Sunday, July 8, 2012

Redesign of Mississippi's government website missing important information

It looks as though the state's government website, www.ms.gov, has gone through an update.  The State hired NIC, Inc. (NASDAQ: EGOV) to perform the redesign.  You can review the contract between Mississippi and NIC here.

There's no doubt that the usability of the website is improved.  Links to pages where you can renew your driver's or fishing license are easy to find, as is the link to Transparency Mississippi, where you delve into the numbers behind state government.  Numbers like these:


Agencies with highest number of state employees

  1. Department of Transportation - 3,335
  2. Department of Human Services - 3,301
  3. Department of Corrections - 2,819
  4. Department of Health - 2,407
  5. Mississippi State Hospital - 2,014
Budget allocation for Department of Education
  1. FY2012 - $3,249,593,330.00
  2. FY2011 - $3,305,405,735.00
  3. FY2010 - $3,459,958,045.00
  4. FY2009 - $3,301,032,876.00
  5. FY2008 - $3,284,285,837.00
What you won't see, but should, are the numbers that show the mess we're in, the plans for getting out of it, and how well those plans are working.  The reason you won't see those things are because they are not what motivates a majority of statewide elected officials and members of the Legislature.  And they don't motivate them because we give those politicians the impression that those things don't bother us, either.

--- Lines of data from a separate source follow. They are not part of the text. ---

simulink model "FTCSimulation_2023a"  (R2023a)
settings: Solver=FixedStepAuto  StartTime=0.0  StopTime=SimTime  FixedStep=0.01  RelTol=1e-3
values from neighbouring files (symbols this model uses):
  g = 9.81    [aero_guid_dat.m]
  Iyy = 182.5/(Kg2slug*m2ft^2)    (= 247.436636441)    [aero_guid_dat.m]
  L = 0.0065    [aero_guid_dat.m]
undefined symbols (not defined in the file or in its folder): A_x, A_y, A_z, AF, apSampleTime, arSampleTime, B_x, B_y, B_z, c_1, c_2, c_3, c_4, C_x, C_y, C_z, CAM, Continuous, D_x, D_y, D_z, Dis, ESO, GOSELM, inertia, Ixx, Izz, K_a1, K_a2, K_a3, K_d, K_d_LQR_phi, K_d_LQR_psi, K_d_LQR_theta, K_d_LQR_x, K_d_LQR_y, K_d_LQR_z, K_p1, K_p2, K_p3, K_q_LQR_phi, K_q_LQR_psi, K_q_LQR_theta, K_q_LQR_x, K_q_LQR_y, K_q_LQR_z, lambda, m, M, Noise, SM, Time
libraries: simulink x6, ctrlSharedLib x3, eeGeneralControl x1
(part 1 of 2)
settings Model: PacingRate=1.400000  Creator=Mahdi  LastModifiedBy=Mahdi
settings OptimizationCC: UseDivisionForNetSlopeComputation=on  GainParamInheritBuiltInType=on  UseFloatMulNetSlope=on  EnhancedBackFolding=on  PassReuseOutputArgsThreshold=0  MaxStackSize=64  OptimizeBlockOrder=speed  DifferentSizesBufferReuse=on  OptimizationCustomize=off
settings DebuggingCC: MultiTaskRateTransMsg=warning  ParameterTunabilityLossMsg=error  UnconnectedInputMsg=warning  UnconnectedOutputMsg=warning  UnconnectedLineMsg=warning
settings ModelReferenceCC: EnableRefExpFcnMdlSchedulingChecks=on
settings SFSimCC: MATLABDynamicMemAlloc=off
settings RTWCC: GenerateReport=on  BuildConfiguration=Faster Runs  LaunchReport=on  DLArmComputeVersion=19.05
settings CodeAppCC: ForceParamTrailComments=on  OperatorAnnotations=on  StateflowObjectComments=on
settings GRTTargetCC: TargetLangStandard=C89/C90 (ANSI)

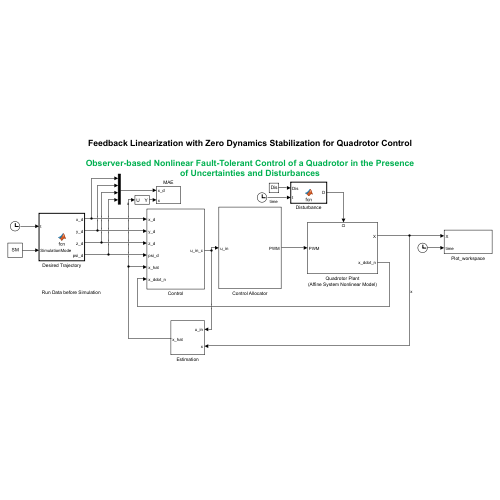
[thumbnail: Simulink's stored preview of the top-level diagram]
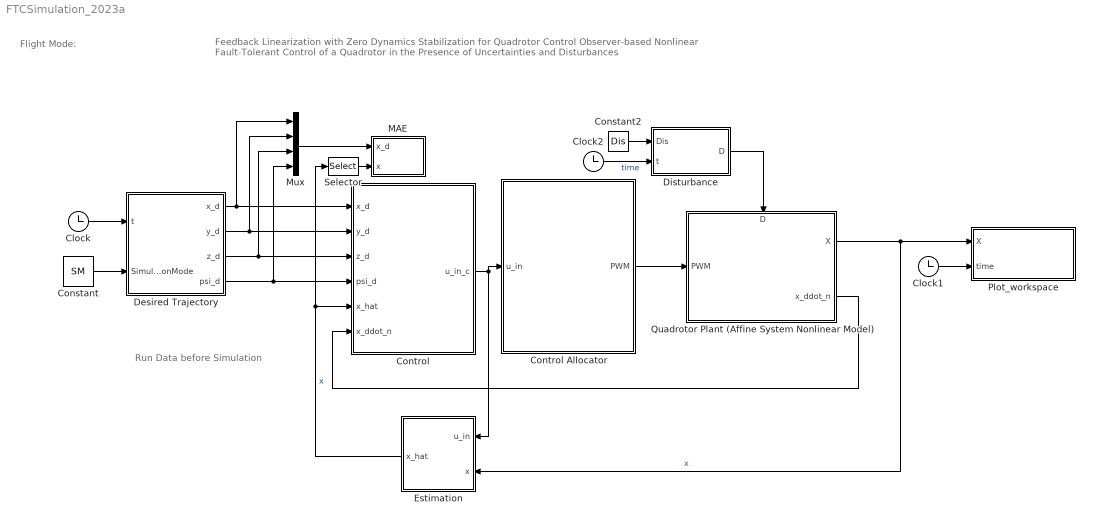
== system FTCSimulation_2023a ==
  note: Run Data before Simulation
  note: Flight Mode:
  note: Feedback Linearization with Zero Dynamics Stabilization for Quadrotor Control
      |
      | Observer-based Nonlinear Fault-Tolerant Control of a Quadrotor in the Presence of Uncertainties and Disturbances
  Clock : Clock
  Clock1 : Clock
  Clock2 : Clock
  Constant : Constant  Value=SM
  Constant2 : Constant  Value=Dis
  Control : Subsystem
  Control Allocator : Subsystem  SystemSampleTime=arSampleTime
  Desired Trajectory : MATLAB Function  TreatAsAtomicUnit=on
  Disturbance : MATLAB Function  TreatAsAtomicUnit=on
  Estimation : Subsystem  VariantControl=true
  MAE : Subsystem
  Mux : Mux
  Plot_workspace : Subsystem
  Quadrotor Plant (Affine System Nonlinear Model) : Subsystem  VariantControl=Choice_1
      settings: PortSchema="{\"entries\":[{\"content\":{\"sides\":[{\"content\":{\"connectorIds\":[\"In1\"]},\"type\":\"ConnectorPlacement.EquallySpacedRectSide\",\"uuid\":\"56cf6a8b-cd11-499a-8a7a-bce78fe94a21\"},{\"content\":{\"connectorIds\":[\"Out1\",\"Out2\"],\"side\":\"RIGHT\"},\"type\":\"ConnectorPlacement.EquallySpacedRectSide\",\"uuid\":\"b8074e7e-b572-4105-951c-798bb82723f6\"},{\"content\":{\"connectorIds\":[\"In2\"],\"side\":\"TOP\"},\"type\":\"ConnectorPlacement.EquallySpacedRectSide\",\"uuid\":\"331d9772-f954-417a-8685-e6b6106d3a97\"}]},\"type\":\"ConnectorPlacement.EquallySpacedConnector\",\"uuid\":\"13cb1b10-b6e3-4763-ba11-23de6fd316ae\"}],\"packageUris\":[\"http://schema.mathworks.com/mf0/Connector/R2020b\"],\"version\":\"1.0\"}"
  Selector : Selector  InputPortWidth=12  IndexOptions=Index vector (dialog)  Indices=[1 2 3 6]  OutputSizes=1
  wires:
  Control/1(u_in_c) -> Estimation/1(u_in), Control Allocator/1(u_in)
  Desired Trajectory/4(psi_d) -> Mux/4, Control/4(psi_d)
  Desired Trajectory/3(z_d) -> Mux/3, Control/3(z_d)
  Desired Trajectory/2(y_d) -> Mux/2, Control/2(y_d)
  Desired Trajectory/1(x_d) -> Mux/1, Control/1(x_d)
  Control Allocator/1(PWM) -> Quadrotor Plant (Affine System Nonlinear Model)/1(PWM)
  Quadrotor Plant (Affine System Nonlinear Model)/1(X) -> Estimation/2(x), Plot_workspace/1(X)  "x"
  Clock/1 -> Desired Trajectory/1(t)
  Constant/1 -> Desired Trajectory/2(SimulationMode)
  Clock1/1 -> Plot_workspace/2(time)
  Clock2/1 -> Disturbance/2(t)  "time"
  Constant2/1 -> Disturbance/1(Dis)
  Disturbance/1(D) -> Quadrotor Plant (Affine System Nonlinear Model)/2(D)
  Quadrotor Plant (Affine System Nonlinear Model)/2(x_ddot_n) -> Control/6(x_ddot_n)
  Estimation/1(x_hat) -> Selector/1, Control/5(x_hat)  "x"
  Mux/1 -> MAE/1(x_d)
  Selector/1 -> MAE/2(x)

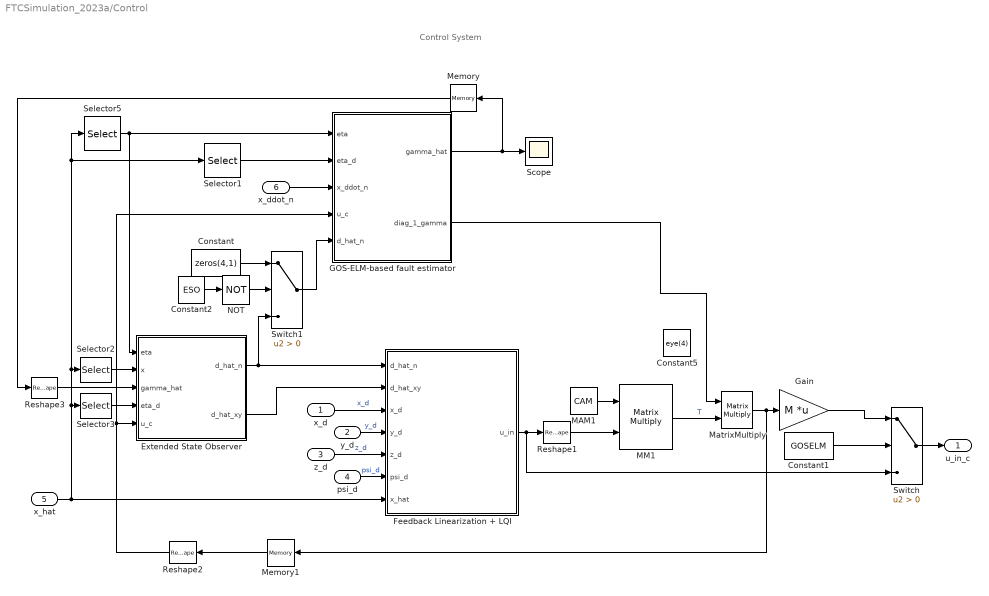
== system FTCSimulation_2023a/Control ==
  note: Control System
  x_d : Inport  OutDataTypeStr=double
  y_d : Inport  Port=2  OutDataTypeStr=double
  z_d : Inport  Port=3  OutDataTypeStr=double
  psi_d : Inport  Port=4
  x_hat : Inport  Port=5
  x_ddot_n : Inport  Port=6
  Constant : Constant  Value=zeros(4,1)
  Constant1 : Constant  Value=GOSELM
  Constant2 : Constant  Value=ESO
  Constant5 : Constant  Value=eye(4)
  Extended State Observer : Subsystem
  Feedback Linearization + LQI : Subsystem
  GOS-ELM-based fault estimator : MATLAB Function  TreatAsAtomicUnit=on
  Gain : Gain  Gain=M  Multiplication=Matrix(K*u)
  MAM1 : Constant  Value=CAM
  MM1 : Product  Multiplication=Matrix(*)  RndMeth=Simplest
  MatrixMultiply : Product  Multiplication=Matrix(*)
  Memory : Memory
  Memory1 : Memory
  NOT : Logic  Operator=NOT  IconShape=distinctive  AllPortsSameDT=off  OutDataTypeStr=boolean
  Reshape1 : Reshape  OutputDimensionality=Column vector (2-D)
  Reshape2 : Reshape  OutputDimensionality=Column vector (2-D)
  Reshape3 : Reshape  OutputDimensionality=Column vector (2-D)
  Scope : Scope
  Selector1 : Selector  InputPortWidth=12  IndexOptions=Index vector (dialog)  Indices=[10 11 12]  OutputSizes=1
  Selector2 : Selector  InputPortWidth=12  IndexOptions=Index vector (dialog)  Indices=[1 2 3]  OutputSizes=1
  Selector3 : Selector  InputPortWidth=12  IndexOptions=Index vector (dialog)  Indices=[10 11 12]  OutputSizes=1
  Selector5 : Selector  InputPortWidth=12  IndexOptions=Index vector (dialog)  Indices=[4 5 6]  OutputSizes=1
  Switch : Switch  Criteria=u2 > Threshold  SaturateOnIntegerOverflow=off  InputSameDT=off
  Switch1 : Switch  Criteria=u2 > Threshold  SaturateOnIntegerOverflow=off  InputSameDT=off
  u_in_c : Outport
  wires:
  x_d/1 -> Feedback Linearization + LQI/3(x_d)  "x_d"
  y_d/1 -> Feedback Linearization + LQI/4(y_d)  "y_d"
  z_d/1 -> Feedback Linearization + LQI/5(z_d)  "z_d"
  psi_d/1 -> Feedback Linearization + LQI/6(psi_d)  "psi_d"
  x_hat/1 -> Selector3/1, Selector1/1, Selector5/1, Selector2/1, Feedback Linearization + LQI/7(x_hat)
  Selector5/1 -> Extended State Observer/1(eta), GOS-ELM-based fault estimator/1(eta)
  Selector1/1 -> GOS-ELM-based fault estimator/2(eta_d)
  x_ddot_n/1 -> GOS-ELM-based fault estimator/3(x_ddot_n)
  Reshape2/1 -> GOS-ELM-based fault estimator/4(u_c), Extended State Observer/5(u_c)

So as a state, instead of recognizing that we're doing a terrible job preparing our kids to enter a world that is more sexually-explicit each day, we pretend that more Jesus and less condoms is the magic formula that will save our kids from gonorrhea and teen pregnancy.  Rather than investing in our education system so we can get off the bottom and one day offer a strong workforce to companies looking to locate here, we continue to underfund it.  And instead of doing something about the roughly 20% of us without health insurance, people line up for the chance to shoot the bird at an exceedingly generous federal program that benefits Mississippi almost more than any other state.

You'll find a lot of links on the State's new website to make interacting with state government a bit easier.  But if you want any real answers to Mississippi's problems, don't look there.  If you want those, you're going to have to look inside yourselves.